Il faut savoir qu’en Allemagne, il y a une mobilisation très inégale et très différente selon les régions. La région du Sud de l’Allemagne, autour de Stuttgart et Mannheim, connaît depuis quelques mois une très forte mobilisation aussi bien dans l’industrie (Alstom, Mercedes), que dans le secteur de la santé publique. Dans cette profession, les grèves spontanées se multiplient dans les hôpitaux avec une participation très, très large de tous les secteurs du personnel soignant. En même temps, il y a des réunions d’ensemble de tous les syndicats pour défendre la santé publique et le droit des travailleur(se)s et des usager(e)s de ce secteur. Cette petite transformation du contexte des luttes sociales est possible grâce à la présence d’une gauche dans les structures officielles du syndicat et le mouvement de la rue qui a ses racines dans les groupes alternatifs issus de la production.

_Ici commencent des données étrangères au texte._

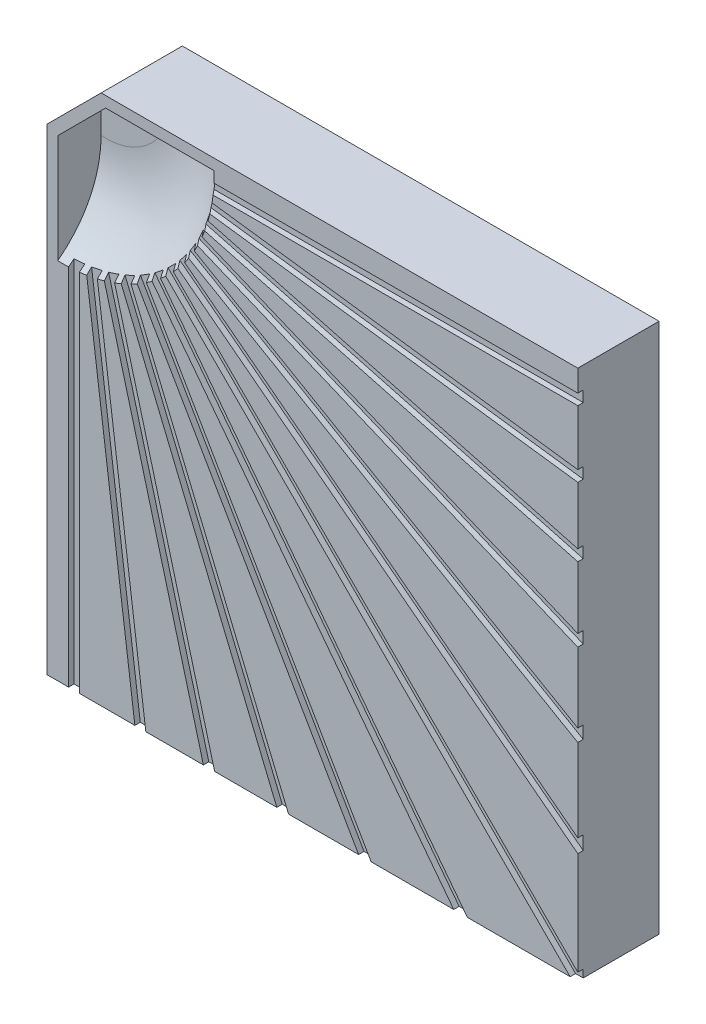
SolidWorks part; units mm, degrees
material "PET"
ref_plane "Front Plane" through (0, 0, 0) normal (1, 0, 0) x (0, 1, 0)
ref_plane "Top Plane" through (0, 0, 0) normal (0, 0, 1) x (0, 1, 0)
ref_plane "Right Plane" through (0, 0, 0) normal (0, 1, 0) x (-1, 0, 0)
sketch "Sketch1" plane through (0, 0, 0) normal (0, 0, 1) x (0, 1, 0)
  line L0 (44, 49) -> (49, 44)
  line L1 (0, 0) -> (49, 0)
  line L2 (0, 0) -> (0, 49)
  line L3 (0, 49) -> (44, 49)
  line L4 (49, 0) -> (49, 44)
  point P1 (49, 49)
  dimension "D1" = 49
extrude "Boss-Extrude1" add sketch "Sketch1" along normal blind 7.5
sketch "Sketch4" plane through (0, 0, 7.5) normal (0, 0, 1) x (1, 0, 0)
  line L0 (-48, 33.5858) -> (-48, 43.5858)
  line L1 (-48, 43.5858) -> (-43.5858, 48)
  line L2 (-43.5858, 48) -> (-33.5858, 48)
  line L3 (-49, 44) -> (-49, 0) construction
  line L4 (-44, 49) -> (-49, 44) construction
  line L5 (0, 49) -> (-44, 49) construction
  arc A0 (-48, 33.5858) -> (-33.5858, 48) centre (-47.5795, 47.5795) ccw
  dimension "D4" = 10
  dimension "D5" = 14
  dimension "D1" = 1
  dimension "D2" = 1
  dimension "D3" = 1
extrude "Cut-Extrude1" cut sketch "Sketch4" against normal blind 4
fillet "Fillet1" radius 10 1 edges at (-37.68, 37.68, 3.5)
sketch "Sketch2" plane through (0, 0, 7.5) normal (0, 0, 1) x (1, 0, 0)
  line L0 (-47, -35.4142) -> (-47, 44.5858)
  line L3 (-49, 44) -> (-49, 0) construction
  line L4 (-44, 49) -> (-49, 44) construction
  dimension "D1" = 2
  dimension "D2" = 1
  dimension "D3" = 80
extrude "Cut-Extrude-Thin2" cut sketch "Sketch2" against normal blind 0.5 and the other way through all thin thin type one direction wall 1
sketch "Sketch3" plane through (-46.5, 46.5, 0) normal (-0.7071, 0.7071, 0) x (-0.7071, -0.7071, 0)
  line L0 (0, 0) -> (0, 7.5) construction
  line L1 (-3.5355, 7.5) -> (3.5355, 7.5) construction
pattern_circular "CirPattern1" count 13 every 7.5 about axis through (-46.5, 46.5, 0) along (0, 0, 1) of "Cut-Extrude-Thin2"
sketch "Sketch5" plane through (0, 0, 0) normal (0, 0, 1) x (0, 1, 0)
  line L0 (44, 49) -> (0, 49) construction
  line L1 (0, 26.6979) -> (0, 20.2306) construction
  circle A0 centre (24.5, 26.5) radius 2
  dimension "D3" = 4
  dimension "D1" = 22.5
  dimension "D2" = 24.5
extrude "Cut-Extrude2" cut sketch "Sketch5" along normal blind 2

Cette ambiance explique un peu comment et pourquoi est parti de cette région, le mouvement contre les organismes génétiquement modifiés (OGM) et avec des actions comme le fauchage volontaire. C’est un noyau de paysan(ne)s et d’apiculteurs/trices qui a créé ce réseau (www.gendreck-weg.de) qui a mené des actions de desobéissance civile contre les champs de maïs OGM en présence des paysan(ne)s suisses, français(es) et autrichien(ne)s.

Je voudrais signaler un dernier point important de la vie sociale et syndicale. Ce sont les élections des délégué(e)s syndicaux/ales qui se préparent dans les entreprises et surtout dans les grandes entreprises métallurgiques. Les délégué(e)s jouent un assez grand rôle dans le partenariat social à l’allemande. Et la présence ainsi que le succès des listes alternatives montrent bien l’influence et la combativité des travailleur(se)s.

En tout cas, l’Allemagne d’en bas bouge, réfléchit et montre de nouveau de petits signes de révolte.